@ONC_HealthIT 'The contracts governing #EHR systems cultivate nontransparency expressly (for example, gag clauses) and indirectly (for example, allocating tort liability in ways that disable the revealing effects of pretrial discovery).’ #ONC2020

@ONC_HealthIT 'The substantive provisions in EHR vendor contracts prevent information relevant to patient safety from being disclosed to or discussed with health care providers who are considering purchasing EHR systems.’ #patientsafety #ONC2020 @ONC_HealthIT

@ONC_HealthIT 'Another powerful piece of leverage vendors have over health care providers who may want to sue is that the vendor can prevent the health care provider from using the #EHR system.'

@ONC_HealthIT 'Nontransparency in the context of EHRs also threatens patient data privacy.
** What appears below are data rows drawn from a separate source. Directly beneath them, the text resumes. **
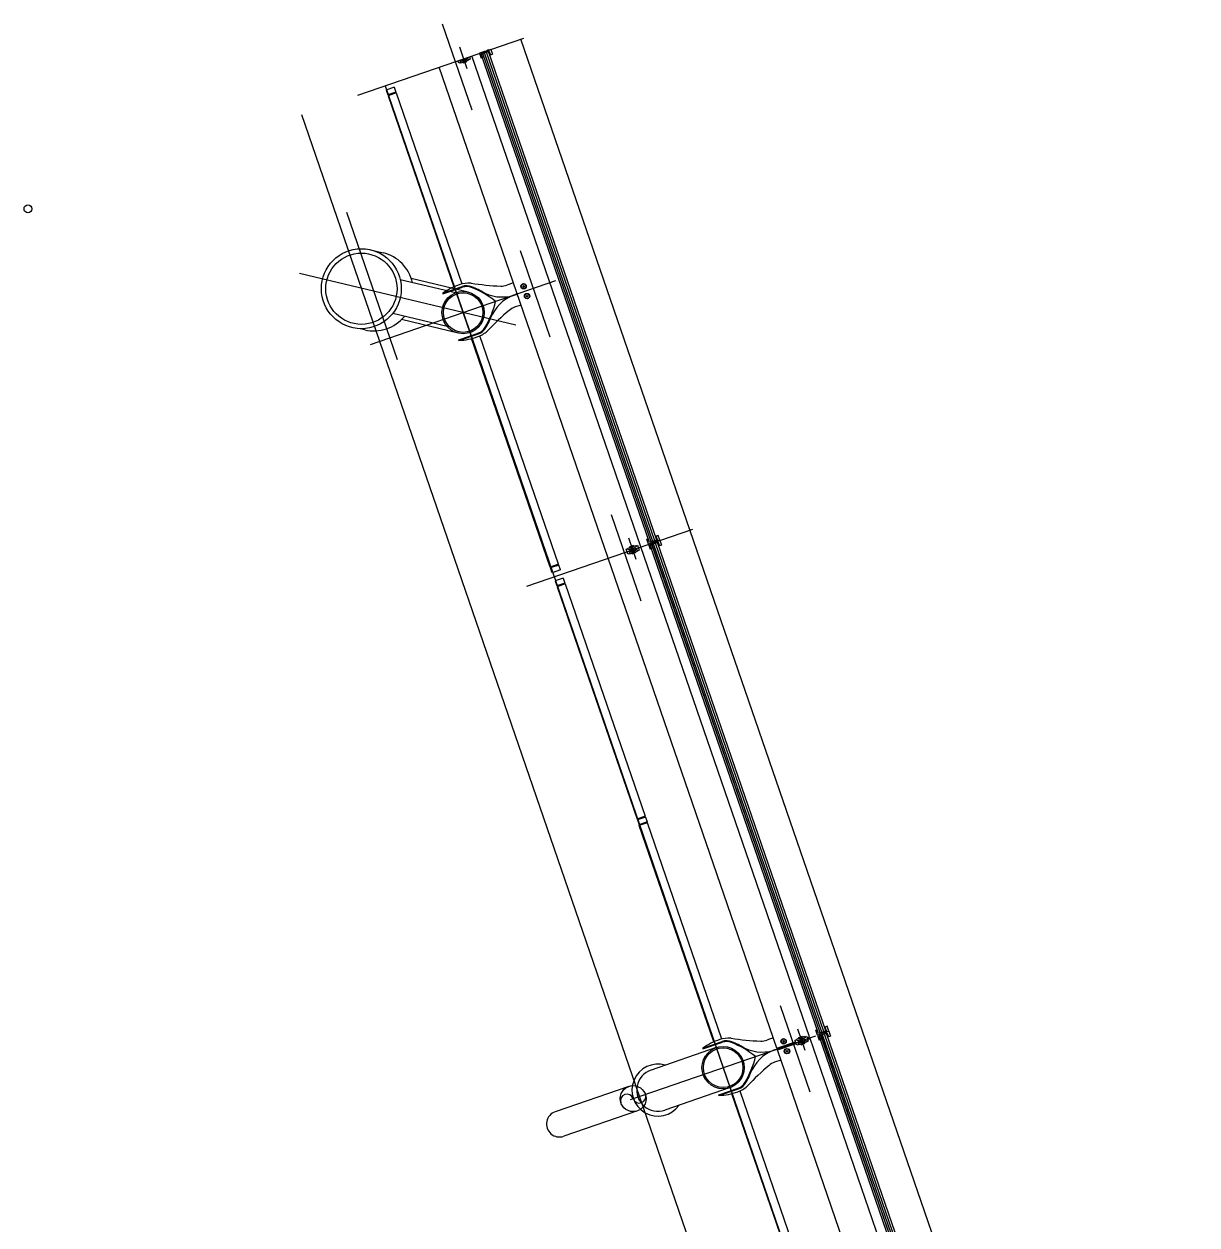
# Model space of a CAD drawing. Extents: x 809487 to 809680, y 818779 to 819225.
# Drawn here: x 809524.42 to 809531.2, y 819218.14 to 819225.08 of the extents above; entities that cross this region are included whole.
import ezdxf

# ---------------------------------------------------------------- set-up
doc = ezdxf.new("R2010")
doc.units = 0
for name, color, linetype in [('F-RC', 7, 'Continuous'), ('MAJ082__', 7, 'Continuous'), ('MAJ214__', 7, 'Continuous'), ('MAJ270__', 7, 'Continuous'), ('MAJ292__', 7, 'Continuous'), ('MAJ314__', 7, 'Continuous')]:
    doc.layers.add(name, color=color, linetype=linetype)

msp = doc.modelspace()

# ---------------------------------------------------------------- linework, layer by layer
at = {"layer": 'F-RC'}
for p, q in [((809526.5597, 819224.7179), (809526.5125, 819224.7017)), ((809526.5125, 819224.7017), (809526.5222, 819224.6733)), ((809526.5695, 819224.6896), (809526.5222, 819224.6733)), ((809526.5711, 819224.6848), (809526.5239, 819224.6686)), ((809526.5239, 819224.6686), (809526.904, 819223.5645)), ((809526.5241, 819224.6739), (809526.5258, 819224.6692)), ((809526.5597, 819224.7179), (809526.5695, 819224.6896)), ((809526.5676, 819224.6889), (809526.5693, 819224.6842)), ((809526.5711, 819224.6848), (809526.9512, 819223.5812)), ((809527.5088, 819221.9617), (809527.0544, 819223.2815)), ((809527.4615, 819221.9455), (809527.007, 819223.2656)), ((809527.5088, 819221.9617), (809527.4615, 819221.9455)), ((809527.5104, 819221.957), (809527.4631, 819221.9407)), ((809527.5085, 819221.9564), (809527.5069, 819221.9611)), ((809527.5202, 819221.9286), (809527.5104, 819221.957)), ((809527.4729, 819221.9124), (809527.4631, 819221.9407)), ((809527.465, 819221.9414), (809527.4634, 819221.9461)), ((809527.5202, 819221.9286), (809527.4729, 819221.9124)), ((809527.5365, 819221.8814), (809527.4892, 819221.8651)), ((809527.4892, 819221.8651), (809527.4989, 819221.8367)), ((809527.5462, 819221.853), (809527.4989, 819221.8367)), ((809527.5478, 819221.8483), (809527.5006, 819221.832)), ((809527.5006, 819221.832), (809527.9629, 819220.4894)), ((809527.5008, 819221.8374), (809527.5025, 819221.8327)), ((809527.5365, 819221.8814), (809527.5462, 819221.853)), ((809527.5443, 819221.8524), (809527.546, 819221.8476)), ((809527.5478, 819221.8483), (809528.0102, 819220.5056)), ((809528.0102, 819220.5056), (809527.9629, 819220.4894)), ((809528.0118, 819220.5009), (809527.9645, 819220.4846)), ((809528.0083, 819220.505), (809528.0099, 819220.5003)), ((809528.0118, 819220.5009), (809528.0216, 819220.4726)), ((809527.9645, 819220.4846), (809527.9743, 819220.4563)), ((809527.9648, 819220.49), (809527.9664, 819220.4853)), ((809528.0216, 819220.4726), (809527.9743, 819220.4563)), ((809528.0035, 819220.4611), (809527.9759, 819220.4515)), ((809528.4063, 819219.2016), (809527.9759, 819220.4515)), ((809527.9762, 819220.4569), (809527.9778, 819220.4522)), ((809528.0232, 819220.4678), (809528.0035, 819220.4611)), ((809528.0197, 819220.4719), (809528.0213, 819220.4672)), ((809528.4534, 819219.2183), (809528.0232, 819220.4678)), ((809528.5092, 819218.9027), (809528.9396, 819217.6528)), ((809528.5566, 819218.9186), (809528.9869, 819217.6691))]:
    msp.add_line(p, q, dxfattribs=at)
at = {"layer": 'MAJ082__'}
for p, q in [((809527.9157, 819218.9448), (809527.4899, 819218.7983)), ((809527.9645, 819218.803), (809527.5388, 819218.6564))]:
    msp.add_line(p, q, dxfattribs=at)
msp.add_circle((809527.9401, 819218.8739), 0.075, dxfattribs=at)
for centre, radius, start, end in [((809527.9046, 819218.8617), 0.0375, 19, 199), ((809527.9756, 819218.8861), 0.0375, 199, 19), ((809527.5144, 819218.7273), 0.075, 108.99964, 289.00049)]:
    msp.add_arc(centre, radius, start, end, dxfattribs=at)
at = {"layer": 'MAJ214__'}
for p, q in [((809526.9323, 819224.8568), (809526.9274, 819224.871)), ((809526.9479, 819224.8688), (809526.9403, 819224.8662)), ((809526.9481, 819224.8688), (809526.9788, 819224.8794)), ((809526.977, 819224.8698), (809526.9553, 819224.8623)), ((809526.9751, 819224.8692), (809526.9748, 819224.8701)), ((809526.977, 819224.8698), (809526.978, 819224.867)), ((809526.9881, 819224.876), (809526.9985, 819224.8796)), ((809526.9936, 819224.8938), (809526.9985, 819224.8796)), ((809528.9596, 819219.2303), (809527.0078, 819224.8987)), ((809528.0436, 819222.0904), (809527.0718, 819224.9127)), ((809528.0443, 819222.0906), (809527.0725, 819224.913)), ((809528.0537, 819222.0939), (809527.0819, 819224.9162)), ((809528.0651, 819222.0978), (809527.0933, 819224.9201)), ((809526.9427, 819224.8604), (809526.9323, 819224.8568)), ((809526.9553, 819224.8623), (809526.9562, 819224.8595)), ((809526.978, 819224.867), (809526.9562, 819224.8595)), ((809526.9575, 819224.8589), (809526.9562, 819224.8595)), ((809526.9572, 819224.863), (809526.9568, 819224.8639)), ((809526.9575, 819224.8589), (809526.9774, 819224.8657)), ((809526.9774, 819224.8657), (809526.978, 819224.867)), ((809527.8993, 819222.0486), (809527.9097, 819222.0522)), ((809527.909, 819222.0202), (809527.8993, 819222.0486)), ((809527.9194, 819222.0238), (809527.909, 819222.0202)), ((809527.9539, 819222.0688), (809527.91, 819222.0536)), ((809527.9113, 819222.0461), (809527.9189, 819222.0488)), ((809527.9246, 819222.0322), (809527.917, 819222.0296)), ((809527.9191, 819222.0488), (809527.9499, 819222.0594)), ((809527.9198, 819222.0612), (809527.9415, 819222.0687)), ((809527.9204, 819222.0625), (809527.9198, 819222.0612)), ((809527.9198, 819222.0612), (809527.9207, 819222.0584)), ((809527.9402, 819222.0693), (809527.9204, 819222.0625)), ((809527.9207, 819222.0584), (809527.9425, 819222.0659)), ((809527.9231, 819222.0592), (809527.9228, 819222.0586)), ((809527.923, 819222.0581), (809527.9228, 819222.0586)), ((809527.9248, 819222.0323), (809527.9556, 819222.0429)), ((809527.9537, 819222.0332), (809527.932, 819222.0258)), ((809527.932, 819222.0258), (809527.933, 819222.0229)), ((809527.9547, 819222.0304), (809527.933, 819222.0229)), ((809527.9342, 819222.0223), (809527.933, 819222.0229)), ((809527.9339, 819222.0264), (809527.9335, 819222.0274)), ((809527.9342, 819222.0223), (809527.9541, 819222.0291)), ((809527.9401, 819222.0651), (809527.9408, 819222.0647)), ((809527.9402, 819222.0693), (809527.9415, 819222.0687)), ((809527.9409, 819222.0643), (809527.9408, 819222.0647)), ((809527.9415, 819222.0687), (809527.9425, 819222.0659)), ((809527.9574, 819222.062), (809527.9499, 819222.0594)), ((809527.9518, 819222.0326), (809527.9515, 819222.0335)), ((809527.9537, 819222.0332), (809527.9547, 819222.0304)), ((809527.9541, 819222.0291), (809527.9547, 819222.0304)), ((809527.955, 819222.0678), (809527.9654, 819222.0714)), ((809527.9648, 819222.0394), (809527.9752, 819222.043)), ((809527.9654, 819222.0714), (809527.9752, 819222.043)), ((809529.0203, 819219.2538), (809528.0485, 819222.0762)), ((809529.021, 819219.2541), (809528.0492, 819222.0764)), ((809529.0305, 819219.2573), (809528.0586, 819222.0797)), ((809529.0418, 819219.2612), (809528.07, 819222.0836)), ((809530.0185, 819216.4247), (809529.0467, 819219.247)), ((809528.7705, 819219.1652), (809528.8792, 819219.2026)), ((809528.7738, 819219.1557), (809528.8825, 819219.1931)), ((809528.876, 819219.2121), (809528.8864, 819219.2156)), ((809528.8792, 819219.2026), (809528.876, 819219.2121)), ((809528.8857, 819219.1837), (809528.8825, 819219.1931)), ((809528.8961, 819219.1873), (809528.8857, 819219.1837)), ((809528.9306, 819219.2322), (809528.8867, 819219.2171)), ((809528.888, 819219.2096), (809528.8956, 819219.2122)), ((809528.9013, 819219.1957), (809528.8937, 819219.193)), ((809528.8958, 819219.2123), (809528.9266, 819219.2229)), ((809528.8965, 819219.2247), (809528.9182, 819219.2321)), ((809528.8971, 819219.2259), (809528.8965, 819219.2247)), ((809528.8965, 819219.2247), (809528.8974, 819219.2218)), ((809528.9169, 819219.2328), (809528.8971, 819219.2259)), ((809528.8974, 819219.2218), (809528.9192, 819219.2293)), ((809528.8998, 819219.2226), (809528.8995, 819219.222)), ((809528.8997, 819219.2215), (809528.8995, 819219.222)), ((809528.9015, 819219.1957), (809528.9323, 819219.2063)), ((809528.9304, 819219.1967), (809528.9087, 819219.1892)), ((809528.9087, 819219.1892), (809528.9097, 819219.1864)), ((809528.9314, 819219.1939), (809528.9097, 819219.1864)), ((809528.9109, 819219.1857), (809528.9097, 819219.1864)), ((809528.9106, 819219.1899), (809528.9102, 819219.1908)), ((809528.9109, 819219.1857), (809528.9308, 819219.1926)), ((809528.9168, 819219.2285), (809528.9175, 819219.2282)), ((809528.9169, 819219.2328), (809528.9182, 819219.2321)), ((809528.9176, 819219.2277), (809528.9175, 819219.2282)), ((809528.9182, 819219.2321), (809528.9192, 819219.2293)), ((809528.9341, 819219.2255), (809528.9266, 819219.2229)), ((809528.9285, 819219.196), (809528.9282, 819219.197)), ((809528.9304, 819219.1967), (809528.9314, 819219.1939)), ((809528.9308, 819219.1926), (809528.9314, 819219.1939)), ((809528.9317, 819219.2312), (809528.9421, 819219.2348)), ((809528.9415, 819219.2029), (809528.9519, 819219.2065)), ((809528.9421, 819219.2348), (809528.9454, 819219.2254)), ((809528.9454, 819219.2254), (809528.9596, 819219.2303)), ((809528.9486, 819219.2159), (809528.9629, 819219.2208)), ((809528.9486, 819219.2159), (809528.9519, 819219.2065)), ((809530.9146, 819213.5524), (809528.9629, 819219.2208)), ((809529.997, 819216.4173), (809529.0252, 819219.2396)), ((809529.9977, 819216.4175), (809529.0259, 819219.2399)), ((809530.0072, 819216.4208), (809529.0353, 819219.2431))]:
    msp.add_line(p, q, dxfattribs=at)
for points in [[(809526.9438, 819224.8594), (809526.9878, 819224.8746)], [(809526.8398, 819223.5276), (809526.9526, 819223.5664)], [(809526.9336, 819223.2551), (809527.0464, 819223.294)], [(809527.9205, 819222.0229), (809527.9645, 819222.038)], [(809528.3421, 819219.1647), (809528.4549, 819219.2036)], [(809528.8972, 819219.1863), (809528.9412, 819219.2015)], [(809528.4359, 819218.8923), (809528.5487, 819218.9311)]]:
    msp.add_lwpolyline(points, dxfattribs=at)
for centre, radius in [((809527.3074, 819223.5679), 0.0155), ((809527.3074, 819223.5679), 0.0135), ((809527.3074, 819223.5679), 0.0042), ((809527.3269, 819223.5112), 0.0155), ((809527.3269, 819223.5112), 0.0135), ((809527.3269, 819223.5112), 0.0042), ((809527.9372, 819222.0458), 0.006), ((809528.8096, 819219.2051), 0.0155), ((809528.8096, 819219.2051), 0.0135), ((809528.8096, 819219.2051), 0.0042), ((809528.9139, 819219.2093), 0.006), ((809528.8292, 819219.1483), 0.0155), ((809528.8292, 819219.1483), 0.0135), ((809528.8292, 819219.1483), 0.0042)]:
    msp.add_circle(centre, radius, dxfattribs=at)
for centre, radius, start, end in [((809526.9605, 819224.8824), 0.0095, 199.00008, 251.30512), ((809526.9605, 819224.8824), 0.006, 199.00013, 18.99986), ((809526.9605, 819224.8824), 0.0109, 281.1265, 296.87349), ((809526.9605, 819224.8824), 0.0095, 325.18264, 18.99991), ((809526.9784, 819223.4915), 0.0792, 68.03764, 109), ((809526.796, 819223.0391), 0.567, 59.89592, 68.03764), ((809527.0904, 819223.547), 0.02, 239.89592, 251.32459), ((809527.1823, 819223.7367), 0.2307, 244.76877, 292.32268), ((809527.3323, 819223.3012), 0.2307, 105.67731, 153.23123), ((809527.1823, 819223.7367), 0.2307, 285.67731, 292.32268), ((809527.3323, 819223.3012), 0.2307, 105.67731, 112.32268), ((809526.5983, 819223.613), 0.567, 329.96236, 338.10407), ((809527.143, 819223.3941), 0.02, 146.67541, 158.10407), ((809527.0207, 819223.3689), 0.0792, 289, 329.96236), ((809527.9372, 819222.0458), 0.0095, 146.69488, 251.30512), ((809527.9372, 819222.0458), 0.0109, 101.1265, 116.87349), ((809527.9372, 819222.0458), 0.0109, 281.1265, 296.87349), ((809527.9372, 819222.0458), 0.0095, 325.18264, 72.81736), ((809528.4807, 819219.1287), 0.0792, 68.03764, 109), ((809528.2982, 819218.6763), 0.567, 59.89592, 68.03764), ((809528.9139, 819219.2093), 0.0095, 146.69488, 251.30512), ((809528.9139, 819219.2093), 0.0109, 101.1265, 116.87349), ((809528.9139, 819219.2093), 0.0109, 281.1265, 296.87349), ((809528.9139, 819219.2093), 0.0095, 325.18264, 72.81736), ((809528.5927, 819219.1841), 0.02, 239.89592, 251.32459), ((809528.6846, 819219.3738), 0.2307, 244.76877, 292.32268), ((809528.8345, 819218.9384), 0.2307, 105.67731, 153.23123), ((809528.8345, 819218.9384), 0.2307, 105.67731, 112.32268), ((809528.6846, 819219.3738), 0.2307, 285.67731, 292.32268), ((809528.6453, 819219.0313), 0.02, 146.67541, 158.10407), ((809528.1006, 819219.2502), 0.567, 329.96236, 338.10407), ((809528.5229, 819219.006), 0.0792, 289, 329.96236)]:
    msp.add_arc(centre, radius, start, end, dxfattribs=at)
for points, degree in [([(809526.9441, 819224.8767), (809526.9444, 819224.8757), (809526.9449, 819224.8747), (809526.9458, 819224.8727), (809526.9463, 819224.8718), (809526.9471, 819224.8705), (809526.9473, 819224.87), (809526.9477, 819224.8694), (809526.9478, 819224.8691), (809526.9479, 819224.8689), (809526.9479, 819224.8688), (809526.9479, 819224.8688)], 3), ([(809526.9481, 819224.8688), (809526.948, 819224.8688), (809526.948, 819224.8688), (809526.9479, 819224.8688)], 2), ([(809526.9481, 819224.8688), (809526.948, 819224.8688), (809526.948, 819224.8688), (809526.9479, 819224.8688)], 2), ([(809526.9575, 819224.8734), (809526.9577, 819224.8733), (809526.9579, 819224.8732), (809526.9583, 819224.8731), (809526.9585, 819224.873), (809526.9587, 819224.8729), (809526.9588, 819224.8729), (809526.9589, 819224.8729), (809526.9589, 819224.8729), (809526.959, 819224.8729)], 3), ([(809526.959, 819224.8729), (809526.9607, 819224.8723), (809526.9626, 819224.8716)], 2), ([(809526.9655, 819224.8726), (809526.9666, 819224.8743), (809526.9676, 819224.8758)], 2), ([(809526.9676, 819224.8758), (809526.9676, 819224.8759), (809526.9676, 819224.8759), (809526.9677, 819224.876), (809526.9677, 819224.876), (809526.9679, 819224.8763), (809526.968, 819224.8764), (809526.9682, 819224.8768), (809526.9684, 819224.877), (809526.9685, 819224.8772)], 3), ([(809526.9788, 819224.8794), (809526.9788, 819224.8794), (809526.9788, 819224.8795), (809526.9788, 819224.8796), (809526.9787, 819224.8798), (809526.9786, 819224.8804), (809526.9785, 819224.8808), (809526.9783, 819224.882), (809526.9782, 819224.883), (809526.9778, 819224.8853), (809526.9775, 819224.8865), (809526.977, 819224.8878), (809526.977, 819224.8879), (809526.977, 819224.888)], 3), ([(809526.9864, 819224.882), (809526.9858, 819224.8818), (809526.9851, 819224.8816), (809526.9836, 819224.881), (809526.9826, 819224.8807), (809526.9811, 819224.8802), (809526.9805, 819224.88), (809526.9795, 819224.8797), (809526.9792, 819224.8795), (809526.9788, 819224.8794)], 3), ([(809526.9864, 819224.882), (809526.9856, 819224.8817), (809526.9847, 819224.8814), (809526.9838, 819224.8811), (809526.9826, 819224.8807), (809526.9813, 819224.8803), (809526.98, 819224.8798), (809526.9796, 819224.8797), (809526.9792, 819224.8796), (809526.9788, 819224.8794)], 3), ([(809526.9864, 819224.882), (809526.9864, 819224.882), (809526.9864, 819224.882), (809526.9865, 819224.8821), (809526.9865, 819224.8821), (809526.9866, 819224.8821), (809526.9866, 819224.8821), (809526.9868, 819224.8821), (809526.9868, 819224.882), (809526.987, 819224.882), (809526.987, 819224.8819), (809526.9871, 819224.8818), (809526.9872, 819224.8817), (809526.9872, 819224.8817)], 3), ([(809526.9873, 819224.8815), (809526.9873, 819224.8815), (809526.9873, 819224.8815), (809526.9872, 819224.8816), (809526.9872, 819224.8816), (809526.9872, 819224.8816), (809526.9872, 819224.8817), (809526.9872, 819224.8817)], 3), ([(809526.9873, 819224.8815), (809526.9874, 819224.8811), (809526.9875, 819224.8808), (809526.9877, 819224.8799), (809526.9878, 819224.8794), (809526.9879, 819224.8783), (809526.988, 819224.8777), (809526.9881, 819224.8765), (809526.9881, 819224.8759), (809526.9881, 819224.8753)], 3), ([(809526.9881, 819224.8753), (809526.9881, 819224.8752), (809526.9881, 819224.8752), (809526.9881, 819224.8751), (809526.9881, 819224.875), (809526.9881, 819224.875), (809526.988, 819224.8749), (809526.988, 819224.8749), (809526.988, 819224.8748), (809526.988, 819224.8748), (809526.988, 819224.8747), (809526.9879, 819224.8747), (809526.9879, 819224.8747), (809526.9879, 819224.8746), (809526.9878, 819224.8746), (809526.9878, 819224.8746)], 3), ([(809526.9399, 819224.8654), (809526.9399, 819224.8654), (809526.9399, 819224.8655), (809526.9399, 819224.8656), (809526.9399, 819224.8656), (809526.9399, 819224.8658), (809526.94, 819224.8659), (809526.9401, 819224.866), (809526.9401, 819224.866), (809526.9402, 819224.8661), (809526.9403, 819224.8661), (809526.9403, 819224.8662), (809526.9403, 819224.8662), (809526.9403, 819224.8662)], 3), ([(809526.9399, 819224.8654), (809526.94, 819224.8654), (809526.94, 819224.8654), (809526.94, 819224.8653), (809526.94, 819224.8653), (809526.94, 819224.8653), (809526.94, 819224.8652), (809526.94, 819224.8652)], 3), ([(809526.9432, 819224.8598), (809526.9428, 819224.8603), (809526.9424, 819224.8608), (809526.9418, 819224.8618), (809526.9415, 819224.8623), (809526.9409, 819224.8633), (809526.9407, 819224.8638), (809526.9403, 819224.8646), (809526.9401, 819224.8649), (809526.94, 819224.8652)], 3), ([(809526.9438, 819224.8594), (809526.9438, 819224.8594), (809526.9438, 819224.8594), (809526.9437, 819224.8594), (809526.9436, 819224.8594), (809526.9436, 819224.8595), (809526.9435, 819224.8595), (809526.9435, 819224.8595), (809526.9435, 819224.8595), (809526.9434, 819224.8596), (809526.9434, 819224.8596), (809526.9433, 819224.8597), (809526.9433, 819224.8597), (809526.9432, 819224.8598), (809526.9432, 819224.8598), (809526.9432, 819224.8598)], 3), ([(809527.9097, 819222.0529), (809527.9097, 819222.0529), (809527.9097, 819222.053), (809527.9097, 819222.0531), (809527.9097, 819222.0531), (809527.9097, 819222.0532), (809527.9097, 819222.0533), (809527.9097, 819222.0533), (809527.9098, 819222.0533), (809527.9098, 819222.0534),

EHRs, by their very nature, facilitate new and more extensive forms of data sharing that patients may not have authorized, may not approve of, and may never know
occurred.’ #ONC2020 @ONC_HealthIT

@ONC_HealthIT 'Health care providers frequently are entering contracts that allow business associates and EHR vendors to exploit de-identified data.’ 'According to industry lawyers, almost all EHR vendor contracts contain clauses allowing the EHR vendor to de-identify and use the data.'

@ONC_HealthIT 'As an example, one EHR vendor includes following clause in its vendor contracts: “[Vendor] maintains the right to de-identify
personal information placed on its Internet site, and to use, disclose, sell and otherwise commercialize de-identified information without restriction."'

@ONC_HealthIT Another #EHR contract: 'Client acknowledges and agrees that
de-identified information is not Protected Health Information as defined in the applicable regulations and that [the EHR Vendor] may use such de-identified information for any lawful purpose.’ #ONC2020 @ONC_HealthIT

@ONC_HealthIT 'The normal safeguard for patient privacy is the Privacy Rule, but in the case of deidentified data, the Privacy Rule does nothing to stop business associates or EHR vendors from sharing patients’ information without their authorizations or knowledge.’ #ONC2020 @ONC_HealthIT

@ONC_HealthIT 'the Privacy Rule’s protections, such as a patient’s right to receive an accounting for data disclosures,64 do not apply to disclosures of de-identified data.’ [but in this era is there really de-identified data … in reality]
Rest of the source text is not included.